Berdasarkan kemampuannya untuk hidup dalam kondisi apa pun, tidak heran jika penyebaran kerbau di dunia cukup merata. Hal ini juga ditunjang daya adaptasi kerbau yang baik pada berbagai kondisi agroklimat yang ada.
Salah satu wilayah di Jawa Barat yang memiliki jumlah populasi kerbau cukup baik adalah Desa Marongge, Kecamatan Tomo, Kabupaten Sumedang. Di desa ini, populasi kerbau cukup banyak dan telah menyatu dengan kondisi alam, sosial, dan budaya setempat. Hal ini menjadikan kerbau di desa ini dinamakan kerbau marongge.
Pemuliaan Ternak
Dudi menjelaskan, saat ini populasi kerbau marongge perlu dijaga keberadaannya. Hal ini bertujuan agar kualitas genetik dari kerbau marongge dapat terjaga bahkan meningkat. Upaya tersebut dilakukan melalui aktivitas pemuliaan ternak.
Mengutip dari para ahli, pemuliaan ternak bertujuan meningkatkan produktivitas dari hewan tersebut. Selain itu, aktivitas ini berkaitan erat dengan pembangunan masyarakat berkelanjutan dengan memperhatikan kesempatan peningkatan kesejahteraan dari ternak yang dimilikinya.
Dari observasi yang dilakukan, Dudi menemukan bahwa upaya menjaga kualitas genetik kerbau marongge yang sudah dilakukan di masyarakat dilakukan secara sederhana. Prosesnya dilakukan tanpa catatan (recording) di atas kertas, melainkan catatan berulang yang dicatat dalam bentuk cap bakar pada tubuh ternak induk dan anaknya.
Dudi memaparkan, satu catatan yang diperlukan adalah bobot sapih atau bobot pada sekitar 6-7 bulan. Jika tidak ada timbangan dapat dilakukan dengan mengukur lingkar dada. Ukuran lingkar dada tidak perlu diterjemahkan ke dalam taksiran bobot badan. Ukuran ini hanya dipakai untuk membandingkan satu anak ternak (kerbau) dari yang lain dalam kelompok umur dan daerah yang sama.

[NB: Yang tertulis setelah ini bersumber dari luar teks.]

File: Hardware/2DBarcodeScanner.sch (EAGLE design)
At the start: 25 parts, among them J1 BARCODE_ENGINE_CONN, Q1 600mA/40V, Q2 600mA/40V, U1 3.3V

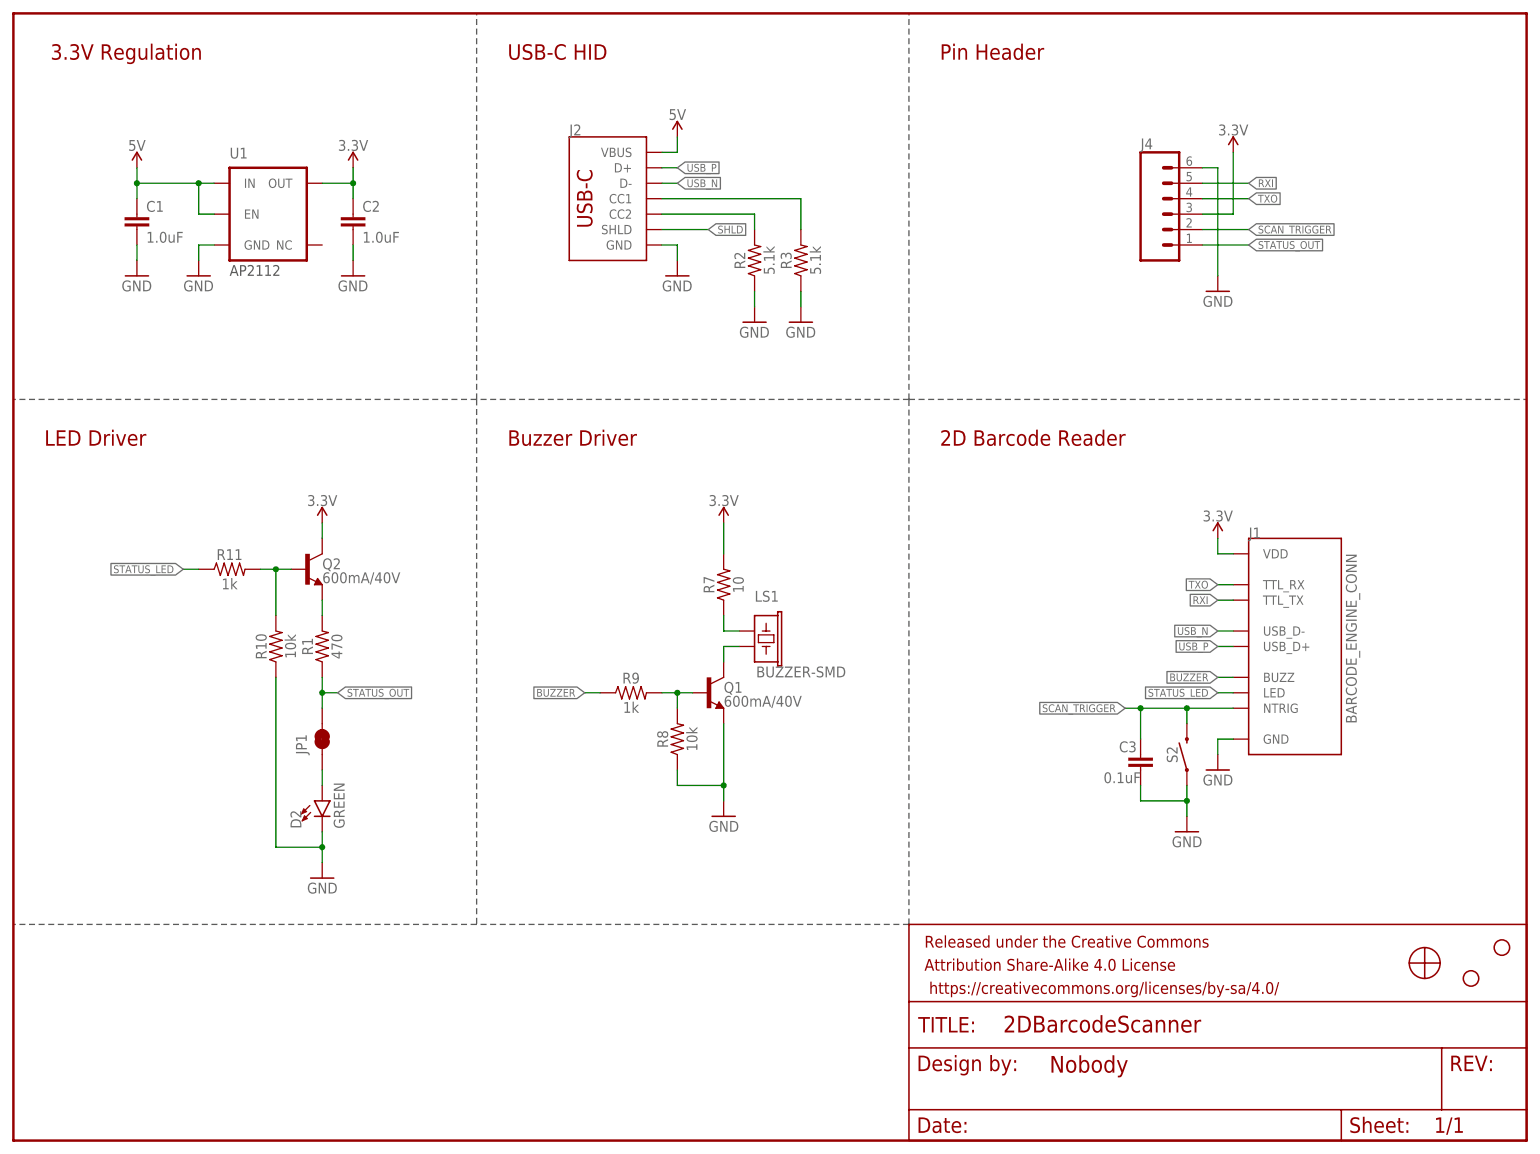
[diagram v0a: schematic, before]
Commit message: Update SPX design for reds
Changes made:
Switched out 12-pin ribbon cable connector for the one used on the RTK
Added jumper on the buzzer
Added power LED
Updated names/version numbers
Added fiducials
AND updated the barcode scanner footprint/silk
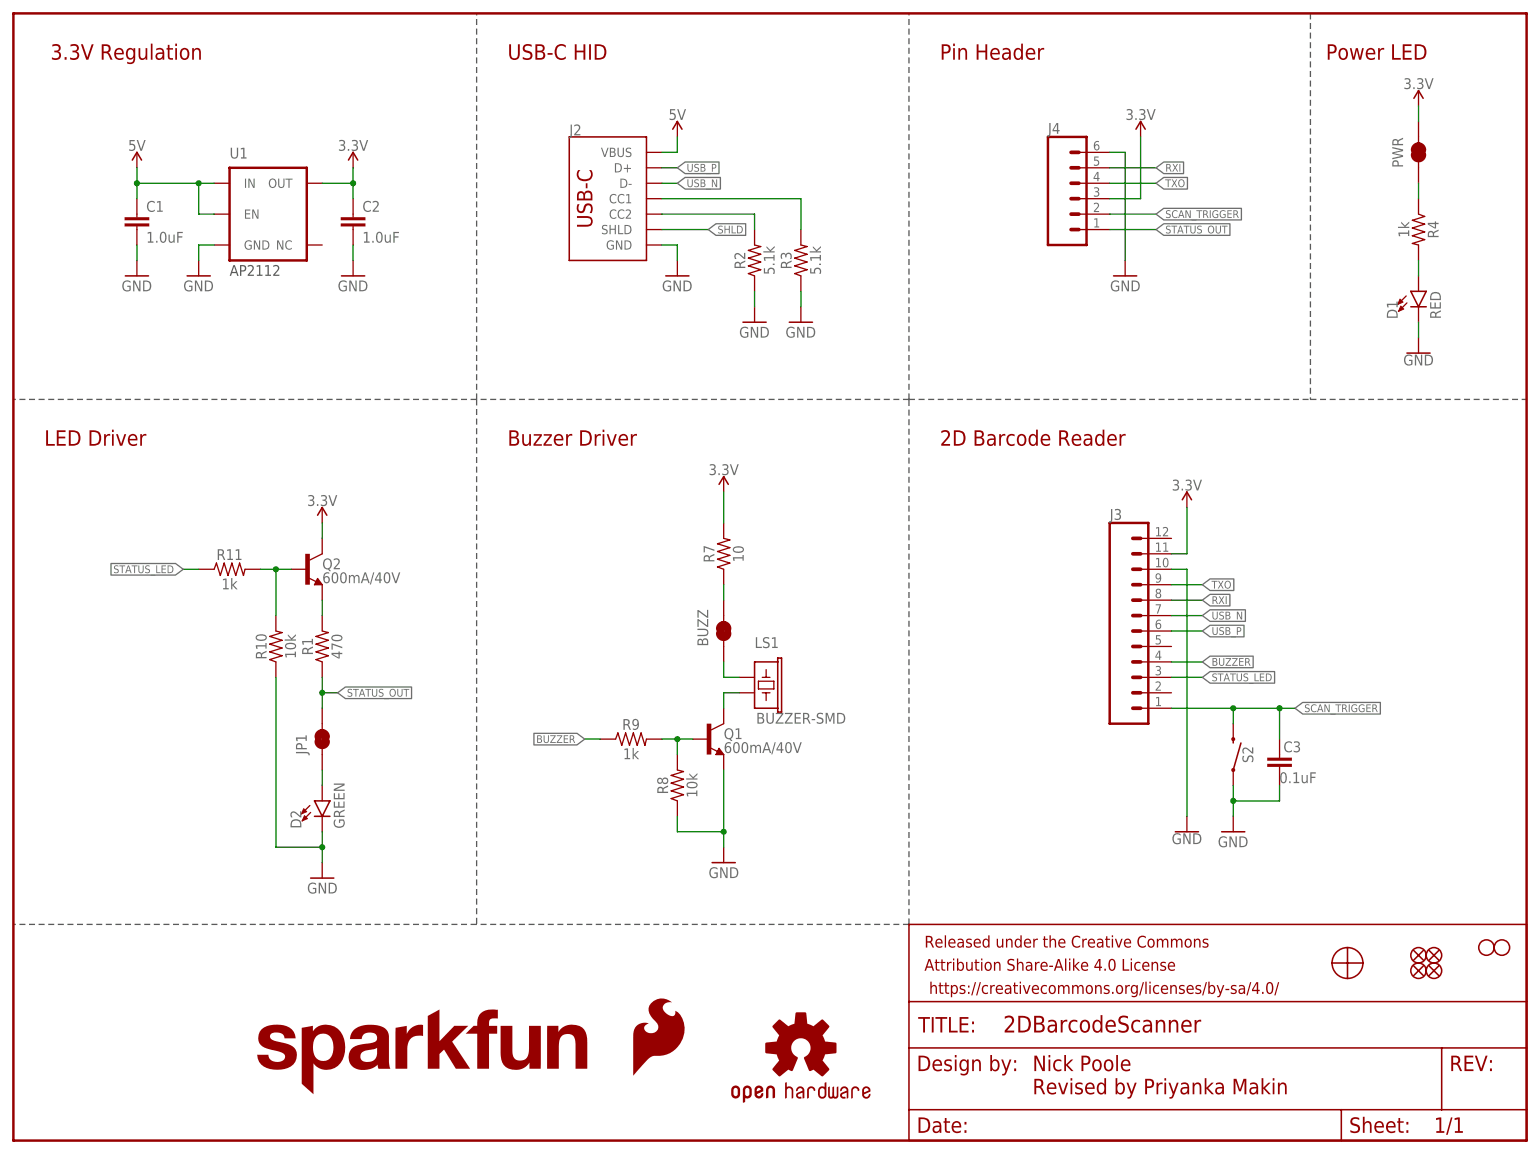
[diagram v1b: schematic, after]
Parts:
- removed J1: BARCODE_ENGINE_CONN, SparkFun-Connectors:BARCODE_ENGINE_CONN
- added BUZZ, PWR: JUMPER-SMT_2_NC_TRACE_SILK, SparkFun-Jumpers:JUMPER-SMT_2_NC_TRACE_SILK
- added D1: RED, SparkFun-LED:LED-RED0603
- added FD1, FD2, FD3, FD4: FIDUCIALUFIDUCIAL, SparkFun-Aesthetics:FIDUCIALUFIDUCIAL
- added J3: (no value), SparkFun-Connectors:CONN_12FPC_12_0.5MM
- added LOGO1: OSHW-LOGOS, SparkFun-Aesthetics:OSHW-LOGOS
- added LOGO2: SFE_LOGO_FLAME.2_INCH, SparkFun-Aesthetics:SFE_LOGO_FLAME.2_INCH
- added LOGO3: SFE_LOGO_NAME.1_INCH, SparkFun-Aesthetics:SFE_LOGO_NAME.1_INCH
- added R4: 1k, SparkFun-Resistors:1KOHM-0603-1/10W-1%
- J2: device SparkFun-Connectors:USB_C2-LAYER -> SparkFun-Connectors:USB_C_2-LAYER_PADS
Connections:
- new net N$1: BUZZ.2, R7.1
- new net N$6: PWR.1, R4.1
- new net N$9: D1.A, R4.2
- net 3.3V: now also J3.11, PWR.2; no longer J1.VDD
- net BUZZER: now also J3.4; no longer J1.BUZZ
- net GND: now also D1.C, J3.10; no longer J1.GND
- net N$3: now also BUZZ.1; no longer R7.1
- net RXI: now also J3.8; no longer J1.TTL_TX
- net SCAN_TRIGGER: now also J3.1; no longer J1.NTRIG
- net STATUS_LED: now also J3.3; no longer J1.LED
- net TXO: now also J3.9; no longer J1.TTL_RX
- net USB_N: now also J3.7; no longer J1.USB_D-
- net USB_P: now also J3.6; no longer J1.USB_D+
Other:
- note added: "Nick Poole Revised by Priyanka Makin"
- note added: "Power LED"
- moved on the sheet: C3, J4, LS1, Q1, R7, R8, R9, S2

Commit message: Update silkscreen
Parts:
- LOGO2: value SFE_LOGO_FLAME.2_INCH -> SFE_LOGO_FLAME.1_INCH; device SparkFun-Aesthetics:SFE_LOGO_FLAME.2_INCH -> SparkFun-Aesthetics:SFE_LOGO_FLAME.1_INCH
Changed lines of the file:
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@@
 <?xml version="1.0" encoding="utf-8"?>
 <!DOCTYPE eagle SYSTEM "eagle.dtd">
-<eagle version="9.5.2">
+<eagle version="9.6.2">
 <drawing>
 <settings>
@@
 <part name="BUZZ" library="SparkFun-Jumpers" deviceset="JUMPER-SMT_2_NC_TRACE" device="_SILK" package3d_urn="urn:adsk.eagle:package:39281/1"/>
 <part name="LOGO1" library="SparkFun-Aesthetics" deviceset="OSHW-LOGO" device="S"/>
-<part name="LOGO2" library="SparkFun-Aesthetics" deviceset="SFE_LOGO_FLAME" device=".2_INCH" value="SFE_LOGO_FLAME.2_INCH"/>
+<part name="LOGO2" library="SparkFun-Aesthetics" deviceset="SFE_LOGO_FLAME" device=".1_INCH" value="SFE_LOGO_FLAME.1_INCH"/>
 <part name="LOGO3" library="SparkFun-Aesthetics" deviceset="SFE_LOGO_NAME" device=".1_INCH"/>
 <part name="PWR" library="SparkFun-Jumpers" deviceset="JUMPER-SMT_2_NC_TRACE" device="_SILK" package3d_urn="urn:adsk.eagle:package:39281/1"/>

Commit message: Ran schematic/board checklists
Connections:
- removed net SHLD: J2.SHLD
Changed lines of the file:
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@@
 <?xml version="1.0" encoding="utf-8"?>
 <!DOCTYPE eagle SYSTEM "eagle.dtd">
-<eagle version="9.6.2">
+<eagle version="9.5.2">
 <drawing>
 <settings>
@@
 <grid distance="0.1" unitdist="inch" unit="inch" style="lines" multiple="1" display="no" altdistance="0.01" altunitdist="inch" altunit="inch"/>
 <layers>
-<layer number="1" name="Top" color="4" fill="1" visible="yes" active="no"/>
-<layer number="2" name="Route2" color="16" fill="1" visible="yes" active="no"/>
-<layer number="3" name="Route3" color="17" fill="1" visible="yes" active="no"/>
-<layer number="4" name="Route4" color="18" fill="1" visible="yes" active="no"/>
-<layer number="5" name="Route5" color="19" fill="1" visible="yes" active="no"/>
-<layer number="6" name="Route6" color="25" fill="1" visible="yes" active="no"/>
-<layer number="7" name="Route7" color="26" fill="1" visible="yes" active="no"/>
-<layer number="8" name="Route8" color="27" fill="1" visible="yes" active="no"/>
-<layer number="9" name="Route9" color="28" fill="1" visible="yes" active="no"/>
-<layer number="10" name="Route10" color="29" fill="1" visible="yes" active="no"/>
-<layer number="11" name="Route11" color="30" fill="1" visible="yes" active="no"/>
-<layer number="12" name="Route12" color="20" fill="1" visible="yes" active="no"/>
-<layer number="13" name="Route13" color="21" fill="1" visible="yes" active="no"/>
-<layer number="14" name="Route14" color="22" fill="1" visible="yes" active="no"/>
-<layer number="15" name="Route15" color="23" fill="1" visible="yes" active="no"/>
-<layer number="16" name="Bottom" color="1" fill="1" visible="yes" active="no"/>
-<layer number="17" name="Pads" color="2" fill="1" visible="yes" active="no"/>
-<layer number="18" name="Vias" color="2" fill="1" visible="yes" active="no"/>
-<layer number="19" name="Unrouted" color="6" fill="1" visible="yes" active="no"/>
-<layer number="20" name="Dimension" color="24" fill="1" visible="yes" active="no"/>
-<layer number="21" name="tPlace" color="16" fill="1" visible="yes" active="no"/>
-<layer number="22" name="bPlace" color="14" fill="1" visible="yes" active="no"/>
-<layer number="23" name="tOrigins" color="15" fill="1" visible="yes" active="no"/>
-<layer number="24" name="bOrigins" color="15" fill="1" visible="yes" active="no"/>
-<layer number="25" name="tNames" color="7" fill="1" visible="yes" active="no"/>
-<layer number="26" name="bNames" color="7" fill="1" visible="yes" active="no"/>
-<layer number="27" name="tValues" color="7" fill="1" visible="yes" active="no"/>
-<layer number="28" name="bValues" color="7" fill="1" visible="yes" active="no"/>
+<layer number="1" name="Top" color="4" fill="1" visible="no" active="no"/>
+<layer number="2" name="Route2" color="16" fill="1" visible="no" active="no"/>
+<layer number="3" name="Route3" color="17" fill="1" visible="no" active="no"/>
+<layer number="4" name="Route4" color="18" fill="1" visible="no" active="no"/>
+<layer number="5" name="Route5" color="19" fill="1" visible="no" active="no"/>
+<layer number="6" name="Route6" color="25" fill="1" visible="no" active="no"/>
+<layer number="7" name="Route7" color="26" fill="1" visible="no" active="no"/>
+<layer number="8" name="Route8" color="27" fill="1" visible="no" active="no"/>
+<layer number="9" name="Route9" color="28" fill="1" visible="no" active="no"/>
+<layer number="10" name="Route10" color="29" fill="1" visible="no" active="no"/>
+<layer number="11" name="Route11" color="30" fill="1" visible="no" active="no"/>
+<layer number="12" name="Route12" color="20" fill="1" visible="no" active="no"/>
+<layer number="13" name="Route13" color="21" fill="1" visible="no" active="no"/>
+<layer number="14" name="Route14" color="22" fill="1" visible="no" active="no"/>
+<layer number="15" name="Route15" color="23" fill="1" visible="no" active="no"/>
+<layer number="16" name="Bottom" color="1" fill="1" visible="no" active="no"/>
+<layer number="17" name="Pads" color="2" fill="1" visible="no" active="no"/>
+<layer number="18" name="Vias" color="2" fill="1" visible="no" active="no"/>
+<layer number="19" name="Unrouted" color="6" fill="1" visible="no" active="no"/>
+<layer number="20" name="Dimension" color="24" fill="1" visible="no" active="no"/>
+<layer number="21" name="tPlace" color="16" fill="1" visible="no" active="no"/>
+<layer number="22" name="bPlace" color="14" fill="1" visible="no" active="no"/>
+<layer number="23" name="tOrigins" color="15" fill="1" visible="no" active="no"/>
+<layer number="24" name="bOrigins" color="15" fill="1" visible="no" active="no"/>
+<layer number="25" name="tNames" color="7" fill="1" visible="no" active="no"/>
+<layer number="26" name="bNames" color="7" fill="1" visible="no" active="no"/>
+<layer number="27" name="tValues" color="7" fill="1" visible="no" active="no"/>
+<layer number="28" name="bValues" color="7" fill="1" visible="no" active="no"/>
 <layer number="29" name="tStop" color="7" fill="3" visible="no" active="no"/>
 <layer number="30" name="bStop" color="7" fill="6" visible="no" active="no"/>
@@
 <layer number="35" name="tGlue" color="7" fill="4" visible="no" active="no"/>
 <layer number="36" name="bGlue" color="7" fill="5" visible="no" active="no"/>
-<layer number="37" name="tTest" color="7" fill="1" visible="yes" active="no"/>
-<layer number="38" name="bTest" color="7" fill="1" visible="yes" active="no"/>
+<layer number="37" name="tTest" color="7" fill="1" visible="no" active="no"/>
+<layer number="38" name="bTest" color="7" fill="1" visible="no" active="no"/>
 <layer number="39" name="tKeepout" color="4" fill="11" visible="no" active="no"/>
 <layer number="40" name="bKeepout" color="1" fill="11" visible="no" active="no"/>
@@
 <layer number="44" name="Drills" color="7" fill="1" visible="no" active="no"/>
 <layer number="45" name="Holes" color="7" fill="1" visible="no" active="no"/>
-<layer number="46" name="Milling" color="3" fill="1" visible="yes" active="no"/>
-<layer number="47" name="Measures" color="7" fill="1" visible="yes" active="no"/>
-<layer number="48" name="Document" color="7" fill="1" visible="yes" active="no"/>
-<layer number="49" name="Reference" color="7" fill="1" visible="yes" active="no"/>
-<layer number="50" name="dxf" color="7" fill="1" visible="yes" active="no"/>
-<layer number="51" name="tDocu" color="6" fill="1" visible="yes" active="no"/>
-<layer number="52" name="bDocu" color="7" fill="1" visible="yes" active="no"/>
-<layer number="53" name="tGND_GNDA" color="7" fill="9" visible="yes" active="no"/>
-<layer number="54" name="bGND_GNDA" color="1" fill="9" visible="yes" active="no"/>
-<layer number="56" name="wert" color="7" fill="1" visible="yes" active="no"/>
-<layer number="57" name="tCAD" color="7" fill="1" visible="yes" active="no"/>
-<layer number="59" name="tCarbon" color="7" fill="1" visible="yes" active="no"/>
-<layer number="60" name="bCarbon" color="7" fill="1" visible="yes" active="no"/>
+<layer number="46" name="Milling" color="3" fill="1" visible="no" active="no"/>
+<layer number="47" name="Measures" color="7" fill="1" visible="no" active="no"/>
+<layer number="48" name="Document" color="7" fill="1" visible="no" active="no"/>
+<layer number="49" name="Reference" color="7" fill="1" visible="no" active="no"/>
+<layer number="50" name="dxf" color="7" fill="1" visible="no" active="no"/>
+<layer number="51" name="tDocu" color="6" fill="1" visible="no" active="no"/>
+<layer number="52" name="bDocu" color="7" fill="1" visible="no" active="no"/>
+<layer number="53" name="tGND_GNDA" color="7" fill="9" visible="no" active="no"/>
+<layer number="54" name="bGND_GNDA" color="1" fill="9" visible="no" active="no"/>
+<layer number="56" name="wert" color="7" fill="1" visible="no" active="no"/>
+<layer number="57" name="tCAD" color="7" fill="1" visible="no" active="no"/>
+<layer number="59" name="tCarbon" color="7" fill="1" visible="no" active="no"/>
+<layer number="60" name="bCarbon" color="7" fill="1" visible="no" active="no"/>
 <layer number="88" name="SimResults" color="9" fill="1" visible="yes" active="yes"/>
 <layer number="89" name="SimProbes" color="9" fill="1" visible="yes" active="yes"/>
@@
 <plain>
 <text x="6.096" y="177.8" size="2.54" layer="94" font="vector">3.3V Regulation</text>
-<text x="35.56" y="142.24" size="1.778" layer="97">AP2112</text>
+<text x="35.56" y="142.24" size="1.778" layer="97" font="vector">AP2112</text>
 <wire x1="147.32" y1="35.56" x2="76.2" y2="35.56" width="0.2032" layer="97" style="longdash"/>
 <text x="152.4" y="177.8" size="2.54" layer="94" font="vector">Pin Header</text>
@@
 </segment>
 </net>
-<net name="SHLD" class="0">
-<segment>
-<pinref part="J2" gate="J1" pin="SHLD"/>
-<wire x1="106.68" y1="149.86" x2="114.3" y2="149.86" width="0.1524" layer="91"/>
-<label x="114.3" y="149.86" size="1.27" layer="95" xref="yes"/>
-</segment>
-</net>

Anak kerbau yang merupakan 10-20 persen terbaik ditetapkan sebagai bibit pilihan dan diberi cap bakar A seterusnya kelompok B adalah yang merupakan sisa yang berukuran di atas rataan kelompoknya. Induk dari anak kerbau kelas A diberi cap A pula.
Selanjutnya bibit pilihan jantan dan betina dijadikan calon pejantan dan induk untuk menghasilkan generasi selanjutnya.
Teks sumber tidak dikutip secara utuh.